# Silver Streaks- Value?



## Grinnell (Nov 20, 2019)

SJC said:


> Yep!


Awesome


----------



## Grinnell (Nov 20, 2019)

Grinnell said:


> Awesome


How about “the producers” spoonsters??? Also garbage?


----------



## Far Beyond Driven (Jan 23, 2006)

The old stuff still works. I have painted Nailers that see a lot of water time. Not a lot of options if you want to run a subtle presentation of a spoon with a painted white cup instead of bare shiny metal.


----------



## Mr Burgundy (Nov 19, 2009)

Post pics of those ping-a-t's... would luv to see them!!


----------



## mbirdsley (Jan 12, 2012)

Oh looking at those silver streaks brings back memories of being on grandpa’s charter boat in the mid 90’s. I think silver streak is all anybody ran out of frankfort back than . Sometimes while, my younger brother isnt looking I’ll sneak a anniversary spoon or orange crush down on his boat and piss him off . Usually is response is “ won’t catch anything with that junk”. Amazing how things change 

Is anybody really running a concentrated number of silver streaks any more? Everything on my brothers boat is pro-king, moon shines, with other odds and in thrown in.
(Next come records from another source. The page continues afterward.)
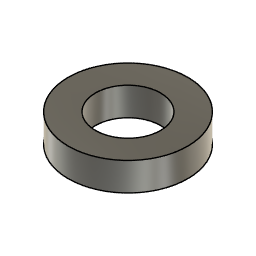
Fermoire_bouteille (Autodesk Fusion 360 archive; units mm, degrees)
design "roulement"
Autodesk Fusion 360 part; units mm, degrees
sketch "Esquisse1" plane through (0, 0, 0) normal (0, 0, 1) x (1, 0, 0)
  circle A0 centre (0, 0) radius 27.525
  circle A1 centre (0, 0) radius 15
  dimension "d1" = 55.05
  dimension "d2" = 30
  constraint coincident A0.centre A1.centre
  measures "d1" diameter of A0
  measures "d2" diameter of A1
extrude "Extrusion1" add sketch "Esquisse1" along normal blind 13
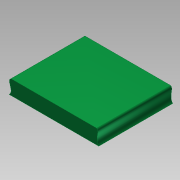
# Autodesk Inventor part: DO-214AB (SMC) плата
Saved by Autodesk Inventor 2011 (Build 150239000, 239)
## iProperties
Created: 2011-01-13
Part Number: DO-214AB (SMC) плата
Document SubType Name: Modeling
Designer: abbath
Density: 1 g/cm^3
Author: abbath
Autodesk Inventor part; units mm, degrees
ref_plane "YZ Plane" through (0, 0, 0) normal (1, 0, 0) x (0, 1, 0)
ref_plane "XZ Plane" through (0, 0, 0) normal (0, 1, 0) x (-1, 0, 0)
ref_plane "XY Plane" through (0, 0, 0) normal (0, 0, 1) x (1, 0, 0)
sketch "Эскиз1" plane through (0, 0, 0) normal (0, 0, 1) x (1, 0, 0)
  line L0 (-2.3836, -3.6179) -> (7.4736, -3.6179)
  line L1 (7.4736, -3.6179) -> (7.4736, 3.9975)
  line L2 (7.4736, 3.9975) -> (-2.3836, 3.9975)
  line L3 (-2.3836, 3.9975) -> (-2.3836, -3.6179)
  point P0 (0, 0)
  constraints: 8 end point, 2 parallel, 1 horizontal, 1 perpendicular
extrude "Выдавливание1" add sketch "Эскиз1" along normal blind 1.5
sketch "Эскиз2" plane through (-2.3836, -3.6179, 0) normal (0, -1, 0) x (1, 0, 0)
  line L0 (9.8572, 1.5) -> (0, 1.5) projected
  line L1 (0, 0) -> (0, 1.5) projected
  line L2 (0, 0) -> (9.8572, 0) projected
  line L3 (9.8572, 0) -> (9.8572, 1.5) projected
  spline S0 degree 3 poles (9.5515, 0) (9.1059, 0.5057) (9.6806, 1.3196) (9.3312, 1.5) knots 0 0 0 0 1 1 1 1
  spline S1 degree 3 poles (0.3074, 0) (0.9015, 0.4878) (-0.001, 1.222) (0.5194, 1.5) knots 0 0 0 0 1 1 1 1
  point P0 (2.3836, 0)
  point P1 (9.3821, 0.6943)
  point P2 (9.4499, 1.2761)
  point P3 (0.5013, 0.6008)
  point P4 (0.3525, 1.1779)
  constraints: 4 point on line, 8 other
extrude "Выдавливание2" cut sketch "Эскиз2" against normal through all contours L3 L2 S0 L0 | S1 L2 L1 L0

When I get my boat ready for the big lake next year I’m thinking buying some silver streaks and eppingers in lake trout colors. I can chase silver fish and lakers near the pier heads but, don’t think I’ll be going way out for them in my sea nymph 


Sent from my iPhone using Tapatalk


----------



## Southsider1 (Dec 22, 2014)

If you are looking to sell, try EBay between Jan and March for all Great Lakes items. I have seen people get stupid and buy stuff for almost retail before the season. Otherwise, between $1-1.50 is pretty common for used spoons.


Sent from my iPhone using Michigan Sportsman mobile app


----------



## ESOX (Nov 20, 2000)

They are gone to a good home. . thanks guys.


----------



## blackghost (Oct 2, 2010)

mbirdsley said:


> Oh looking at those silver streaks brings back memories of being on grandpa’s charter boat in the mid 90’s. I think silver streak is all anybody ran out of frankfort back than . Sometimes while, my younger brother isnt looking I’ll sneak a anniversary spoon or orange crush down on his boat and piss him off . Usually is response is “ won’t catch anything with that junk”. Amazing how things change
> 
> Is anybody really running a concentrated number of silver streaks any more? Everything on my brothers boat is pro-king, moon shines, with other odds and in thrown in.
> 
> ...


I run a lot of mini-streaks in the spring, and then a lot of mag streaks this time of year.


----------



## Wild Thing (Mar 19, 2010)

I just recently sold about 4K worth of salmon baits and tackle (probably more than 12K new prices). I was going to post what I sold them for but I can't find my notes at the moment. I am thinking the new spoons in the package went for around $3 - $3.50 each and probably around $2 each for used.


----------



## Stillkickin (Jan 7, 2018)

Back in the early 80’s I used to buy Silver Streaks direct from the Cartwrights. I still have dozens in the “old patterns “ and I still run them a lot. They have and still will catch fish in all of the Great Lakes. 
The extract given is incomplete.